◆ PROBLEM TO SOLVE
Your response should be an exact transcription of the data, images excluded.

[Opening RECORD SET section]

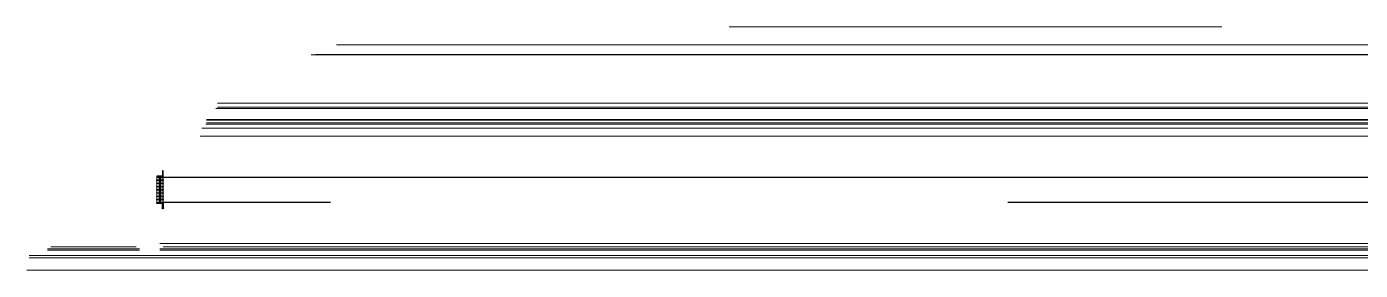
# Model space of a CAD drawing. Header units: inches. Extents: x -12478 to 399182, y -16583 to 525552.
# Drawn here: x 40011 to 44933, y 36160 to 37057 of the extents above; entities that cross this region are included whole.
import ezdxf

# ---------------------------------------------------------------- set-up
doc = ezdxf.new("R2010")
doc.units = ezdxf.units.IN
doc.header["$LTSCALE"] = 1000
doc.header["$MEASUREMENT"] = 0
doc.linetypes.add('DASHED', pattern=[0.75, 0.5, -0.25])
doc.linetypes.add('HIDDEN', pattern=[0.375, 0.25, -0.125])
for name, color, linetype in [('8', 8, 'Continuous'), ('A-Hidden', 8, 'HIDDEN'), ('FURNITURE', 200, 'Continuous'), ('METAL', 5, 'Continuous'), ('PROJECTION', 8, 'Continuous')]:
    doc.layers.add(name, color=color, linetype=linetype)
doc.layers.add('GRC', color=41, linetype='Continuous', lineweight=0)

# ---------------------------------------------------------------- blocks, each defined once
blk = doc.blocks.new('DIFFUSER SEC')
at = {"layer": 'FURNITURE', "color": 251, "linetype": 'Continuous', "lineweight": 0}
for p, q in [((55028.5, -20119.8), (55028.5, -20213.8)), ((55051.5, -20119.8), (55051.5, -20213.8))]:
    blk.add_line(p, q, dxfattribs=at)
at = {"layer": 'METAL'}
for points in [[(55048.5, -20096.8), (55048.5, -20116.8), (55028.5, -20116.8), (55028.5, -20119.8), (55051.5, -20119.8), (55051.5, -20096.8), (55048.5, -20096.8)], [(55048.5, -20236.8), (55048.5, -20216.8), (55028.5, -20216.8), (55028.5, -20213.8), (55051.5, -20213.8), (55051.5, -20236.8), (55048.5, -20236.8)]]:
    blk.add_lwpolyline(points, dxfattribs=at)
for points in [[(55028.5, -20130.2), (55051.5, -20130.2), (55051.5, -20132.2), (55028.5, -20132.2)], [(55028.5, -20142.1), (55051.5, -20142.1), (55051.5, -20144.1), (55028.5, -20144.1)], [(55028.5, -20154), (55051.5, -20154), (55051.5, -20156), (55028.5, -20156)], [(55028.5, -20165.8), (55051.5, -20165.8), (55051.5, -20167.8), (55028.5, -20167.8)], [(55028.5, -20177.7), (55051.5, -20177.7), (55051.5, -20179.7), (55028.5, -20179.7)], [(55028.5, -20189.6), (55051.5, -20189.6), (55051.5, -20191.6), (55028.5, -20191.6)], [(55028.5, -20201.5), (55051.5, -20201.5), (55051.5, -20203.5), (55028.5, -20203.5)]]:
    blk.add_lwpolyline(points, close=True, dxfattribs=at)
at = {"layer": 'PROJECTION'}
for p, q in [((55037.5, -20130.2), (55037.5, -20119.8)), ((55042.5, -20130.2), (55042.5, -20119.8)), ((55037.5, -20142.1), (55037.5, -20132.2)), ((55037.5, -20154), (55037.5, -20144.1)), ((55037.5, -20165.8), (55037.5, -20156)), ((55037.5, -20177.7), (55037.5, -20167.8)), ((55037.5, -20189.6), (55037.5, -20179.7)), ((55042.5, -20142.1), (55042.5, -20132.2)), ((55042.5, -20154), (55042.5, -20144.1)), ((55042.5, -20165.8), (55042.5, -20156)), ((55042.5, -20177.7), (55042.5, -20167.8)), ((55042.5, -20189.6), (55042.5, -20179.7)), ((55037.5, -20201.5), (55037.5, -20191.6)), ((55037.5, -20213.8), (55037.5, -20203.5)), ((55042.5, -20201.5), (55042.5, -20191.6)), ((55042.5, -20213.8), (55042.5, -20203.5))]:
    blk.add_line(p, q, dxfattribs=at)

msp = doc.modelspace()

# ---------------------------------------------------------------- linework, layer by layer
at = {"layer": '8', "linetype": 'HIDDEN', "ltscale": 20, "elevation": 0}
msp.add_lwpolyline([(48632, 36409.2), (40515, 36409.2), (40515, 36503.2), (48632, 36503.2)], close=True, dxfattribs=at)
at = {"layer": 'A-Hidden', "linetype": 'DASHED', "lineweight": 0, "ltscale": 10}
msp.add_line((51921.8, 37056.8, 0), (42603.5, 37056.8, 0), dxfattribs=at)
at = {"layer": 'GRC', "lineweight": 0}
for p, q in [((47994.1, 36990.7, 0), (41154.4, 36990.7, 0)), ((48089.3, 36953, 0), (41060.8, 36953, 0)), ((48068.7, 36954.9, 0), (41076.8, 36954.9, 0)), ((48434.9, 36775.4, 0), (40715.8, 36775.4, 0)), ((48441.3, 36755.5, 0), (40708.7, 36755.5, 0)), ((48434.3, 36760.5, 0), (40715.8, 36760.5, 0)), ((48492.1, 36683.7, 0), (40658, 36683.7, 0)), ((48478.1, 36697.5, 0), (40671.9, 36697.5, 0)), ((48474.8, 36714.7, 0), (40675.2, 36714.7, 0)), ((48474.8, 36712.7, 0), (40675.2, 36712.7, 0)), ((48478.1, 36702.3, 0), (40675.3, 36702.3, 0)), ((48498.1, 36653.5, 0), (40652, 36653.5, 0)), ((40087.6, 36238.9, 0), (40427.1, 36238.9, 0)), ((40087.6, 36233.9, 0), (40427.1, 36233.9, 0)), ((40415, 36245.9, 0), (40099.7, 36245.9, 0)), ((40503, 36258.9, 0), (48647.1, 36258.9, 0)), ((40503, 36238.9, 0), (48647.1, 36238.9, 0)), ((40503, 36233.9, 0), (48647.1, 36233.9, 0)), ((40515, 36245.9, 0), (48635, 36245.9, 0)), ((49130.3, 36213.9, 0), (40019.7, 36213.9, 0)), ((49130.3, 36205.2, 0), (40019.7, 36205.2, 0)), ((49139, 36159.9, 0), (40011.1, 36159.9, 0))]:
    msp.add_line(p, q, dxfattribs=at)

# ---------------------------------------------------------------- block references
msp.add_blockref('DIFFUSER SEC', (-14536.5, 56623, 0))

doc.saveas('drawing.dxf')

[Closing RECORD SET section]

◆ SOLUTION TO THIS EXERCISE
# Model space of a CAD drawing. Header units: inches. Extents: x -12478 to 399182, y -16583 to 525552.
# Drawn here: x 40011 to 44933, y 36160 to 37057 of the extents above; entities that cross this region are included whole.
import ezdxf

# ---------------------------------------------------------------- set-up
doc = ezdxf.new("R2010")
doc.units = ezdxf.units.IN
doc.header["$LTSCALE"] = 1000
doc.header["$MEASUREMENT"] = 0
doc.linetypes.add('DASHED', pattern=[0.75, 0.5, -0.25])
doc.linetypes.add('HIDDEN', pattern=[0.375, 0.25, -0.125])
for name, color, linetype in [('8', 8, 'Continuous'), ('A-Hidden', 8, 'HIDDEN'), ('FURNITURE', 200, 'Continuous'), ('METAL', 5, 'Continuous'), ('PROJECTION', 8, 'Continuous')]:
    doc.layers.add(name, color=color, linetype=linetype)
doc.layers.add('GRC', color=41, linetype='Continuous', lineweight=0)

# ---------------------------------------------------------------- blocks, each defined once
blk = doc.blocks.new('DIFFUSER SEC')
at = {"layer": 'FURNITURE', "color": 251, "linetype": 'Continuous', "lineweight": 0}
for p, q in [((55028.5, -20119.8), (55028.5, -20213.8)), ((55051.5, -20119.8), (55051.5, -20213.8))]:
    blk.add_line(p, q, dxfattribs=at)
at = {"layer": 'METAL'}
for points in [[(55048.5, -20096.8), (55048.5, -20116.8), (55028.5, -20116.8), (55028.5, -20119.8), (55051.5, -20119.8), (55051.5, -20096.8), (55048.5, -20096.8)], [(55048.5, -20236.8), (55048.5, -20216.8), (55028.5, -20216.8), (55028.5, -20213.8), (55051.5, -20213.8), (55051.5, -20236.8), (55048.5, -20236.8)]]:
    blk.add_lwpolyline(points, dxfattribs=at)
for points in [[(55028.5, -20130.2), (55051.5, -20130.2), (55051.5, -20132.2), (55028.5, -20132.2)], [(55028.5, -20142.1), (55051.5, -20142.1), (55051.5, -20144.1), (55028.5, -20144.1)], [(55028.5, -20154), (55051.5, -20154), (55051.5, -20156), (55028.5, -20156)], [(55028.5, -20165.8), (55051.5, -20165.8), (55051.5, -20167.8), (55028.5, -20167.8)], [(55028.5, -20177.7), (55051.5, -20177.7), (55051.5, -20179.7), (55028.5, -20179.7)], [(55028.5, -20189.6), (55051.5, -20189.6), (55051.5, -20191.6), (55028.5, -20191.6)], [(55028.5, -20201.5), (55051.5, -20201.5), (55051.5, -20203.5), (55028.5, -20203.5)]]:
    blk.add_lwpolyline(points, close=True, dxfattribs=at)
at = {"layer": 'PROJECTION'}
for p, q in [((55037.5, -20130.2), (55037.5, -20119.8)), ((55042.5, -20130.2), (55042.5, -20119.8)), ((55037.5, -20142.1), (55037.5, -20132.2)), ((55037.5, -20154), (55037.5, -20144.1)), ((55037.5, -20165.8), (55037.5, -20156)), ((55037.5, -20177.7), (55037.5, -20167.8)), ((55037.5, -20189.6), (55037.5, -20179.7)), ((55042.5, -20142.1), (55042.5, -20132.2)), ((55042.5, -20154), (55042.5, -20144.1)), ((55042.5, -20165.8), (55042.5, -20156)), ((55042.5, -20177.7), (55042.5, -20167.8)), ((55042.5, -20189.6), (55042.5, -20179.7)), ((55037.5, -20201.5), (55037.5, -20191.6)), ((55037.5, -20213.8), (55037.5, -20203.5)), ((55042.5, -20201.5), (55042.5, -20191.6)), ((55042.5, -20213.8), (55042.5, -20203.5))]:
    blk.add_line(p, q, dxfattribs=at)

msp = doc.modelspace()

# ---------------------------------------------------------------- linework, layer by layer
at = {"layer": '8', "linetype": 'HIDDEN', "ltscale": 20, "elevation": 0}
msp.add_lwpolyline([(48632, 36409.2), (40515, 36409.2), (40515, 36503.2), (48632, 36503.2)], close=True, dxfattribs=at)
at = {"layer": 'A-Hidden', "linetype": 'DASHED', "lineweight": 0, "ltscale": 10}
msp.add_line((51921.8, 37056.8, 0), (42603.5, 37056.8, 0), dxfattribs=at)
at = {"layer": 'GRC', "lineweight": 0}
for p, q in [((47994.1, 36990.7, 0), (41154.4, 36990.7, 0)), ((48089.3, 36953, 0), (41060.8, 36953, 0)), ((48068.7, 36954.9, 0), (41076.8, 36954.9, 0)), ((48434.9, 36775.4, 0), (40715.8, 36775.4, 0)), ((48441.3, 36755.5, 0), (40708.7, 36755.5, 0)), ((48434.3, 36760.5, 0), (40715.8, 36760.5, 0)), ((48492.1, 36683.7, 0), (40658, 36683.7, 0)), ((48478.1, 36697.5, 0), (40671.9, 36697.5, 0)), ((48474.8, 36714.7, 0), (40675.2, 36714.7, 0)), ((48474.8, 36712.7, 0), (40675.2, 36712.7, 0)), ((48478.1, 36702.3, 0), (40675.3, 36702.3, 0)), ((48498.1, 36653.5, 0), (40652, 36653.5, 0)), ((40087.6, 36238.9, 0), (40427.1, 36238.9, 0)), ((40087.6, 36233.9, 0), (40427.1, 36233.9, 0)), ((40415, 36245.9, 0), (40099.7, 36245.9, 0)), ((40503, 36258.9, 0), (48647.1, 36258.9, 0)), ((40503, 36238.9, 0), (48647.1, 36238.9, 0)), ((40503, 36233.9, 0), (48647.1, 36233.9, 0)), ((40515, 36245.9, 0), (48635, 36245.9, 0)), ((49130.3, 36213.9, 0), (40019.7, 36213.9, 0)), ((49130.3, 36205.2, 0), (40019.7, 36205.2, 0)), ((49139, 36159.9, 0), (40011.1, 36159.9, 0))]:
    msp.add_line(p, q, dxfattribs=at)

# ---------------------------------------------------------------- block references
msp.add_blockref('DIFFUSER SEC', (-14536.5, 56623, 0))

doc.saveas('drawing.dxf')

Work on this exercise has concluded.